Requiring a cheerleader to maintain a 2.0 grade-point average, but a basketball player to have a 1.5 GPA is discriminatory, a lawsuit filed against the Lafayette Parish School Board on Friday claims.
The suit was filed by lawyer Curtis L. Hollinger, Jr., on behalf of his minor son, a Lafayette High School junior varsity basketball player.
"It's discrimination. It's based on athletes not having the intellectual ability to meet high standards," Hollinger said of the GPA requirement, adding that he believes the discrepancy between cheerleaders and basketball players is in violation of the state and U.S. constitutions.

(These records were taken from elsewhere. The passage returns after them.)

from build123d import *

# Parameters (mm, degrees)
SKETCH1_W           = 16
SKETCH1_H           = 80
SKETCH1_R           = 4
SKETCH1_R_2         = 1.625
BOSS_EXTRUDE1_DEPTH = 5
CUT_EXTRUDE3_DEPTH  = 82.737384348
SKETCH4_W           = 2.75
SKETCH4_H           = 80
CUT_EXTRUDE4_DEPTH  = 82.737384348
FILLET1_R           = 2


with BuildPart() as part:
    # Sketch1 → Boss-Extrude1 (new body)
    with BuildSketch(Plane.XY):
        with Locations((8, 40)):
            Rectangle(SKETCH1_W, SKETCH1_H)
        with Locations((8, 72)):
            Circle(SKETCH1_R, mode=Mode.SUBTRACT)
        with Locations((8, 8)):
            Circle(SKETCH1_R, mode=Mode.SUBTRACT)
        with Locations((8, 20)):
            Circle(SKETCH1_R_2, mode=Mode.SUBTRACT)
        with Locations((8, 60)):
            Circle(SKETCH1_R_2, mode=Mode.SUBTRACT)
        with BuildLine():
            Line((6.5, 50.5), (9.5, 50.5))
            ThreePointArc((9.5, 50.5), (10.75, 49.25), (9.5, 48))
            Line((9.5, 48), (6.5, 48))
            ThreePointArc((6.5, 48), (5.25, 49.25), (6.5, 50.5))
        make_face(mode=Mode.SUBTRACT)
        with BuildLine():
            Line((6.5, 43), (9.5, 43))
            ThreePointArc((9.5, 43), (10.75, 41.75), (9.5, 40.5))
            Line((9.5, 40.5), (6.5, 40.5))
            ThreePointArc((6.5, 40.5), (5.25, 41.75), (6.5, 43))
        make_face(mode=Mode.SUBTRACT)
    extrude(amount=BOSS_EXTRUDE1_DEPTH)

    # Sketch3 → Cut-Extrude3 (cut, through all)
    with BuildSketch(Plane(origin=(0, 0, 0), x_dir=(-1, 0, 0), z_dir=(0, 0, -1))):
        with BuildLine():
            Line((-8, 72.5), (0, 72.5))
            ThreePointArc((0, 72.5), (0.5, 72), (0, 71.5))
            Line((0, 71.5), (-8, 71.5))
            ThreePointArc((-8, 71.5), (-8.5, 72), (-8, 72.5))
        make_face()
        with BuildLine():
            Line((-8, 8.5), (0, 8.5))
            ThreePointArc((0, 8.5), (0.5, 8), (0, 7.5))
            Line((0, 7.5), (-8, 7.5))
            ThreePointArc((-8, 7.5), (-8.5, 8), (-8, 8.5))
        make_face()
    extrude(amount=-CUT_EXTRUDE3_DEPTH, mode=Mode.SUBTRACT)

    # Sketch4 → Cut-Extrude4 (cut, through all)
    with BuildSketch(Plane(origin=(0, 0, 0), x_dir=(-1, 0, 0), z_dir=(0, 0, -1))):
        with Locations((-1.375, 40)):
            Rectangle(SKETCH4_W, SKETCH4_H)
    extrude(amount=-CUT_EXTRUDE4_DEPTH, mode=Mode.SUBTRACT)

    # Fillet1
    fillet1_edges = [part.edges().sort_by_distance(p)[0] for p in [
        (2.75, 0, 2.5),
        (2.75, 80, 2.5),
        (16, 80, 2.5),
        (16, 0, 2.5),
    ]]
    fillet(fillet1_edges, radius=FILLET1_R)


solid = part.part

"The constitution says that no state can discriminate no person based on physical condition," he said. "They're both based on physical conditions and both are athletes. So how can you treat athletes that are in the same category differently."
The lower minimum GPA for basketball players "openly and unlawfully perpetuates the negative stigma and stereotype that high school basketball players are stupid, inherently inferior intellectually and inherently incapable of meeting higher academic standards, thus Plaintiff is being deprived of the educational benefit of high academic expectations in contradiction of" School Board policy, the 14th Amendment of the U.S. and the Louisiana constitutions, according to the lawsuit.
"The intent of this suit is to raise the academic standards," Hollinger said. "I want to see athletes have a chance in life after school. ... The theory is if your raise the standards then those who really want to play sports will meet those standards. We're not asking them to be 4.0 Rhodes Scholars."
The lawsuit was filed late Friday, and goes into detail showing similarities between cheerleaders and basketball players and asks that the Lafayette Parish School Board be required to make the GPAs consistent.
Hollinger hopes the suit will require the School Board to raise the minimum grade-point average for basketball players and other student athletes.
Reached by phone Friday evening, Superintendent Burnell Lemoine said he had not yet seen the lawsuit and could not comment.
The lawsuit is backed by state Rep. Rickey Hardy, D-Lafayette, who pushed for a minimum GPA of 2.0 for student athletes as a School Board member and a legislator.
The School Board rejected the idea, and a bill touting the idea was killed in the House Education Committee in 2008 and 2009.
"It's certainly hypocritical of the school system to have high standards for cheerleaders but not basketball players," Hardy said. "They both use physical strength of their bodies."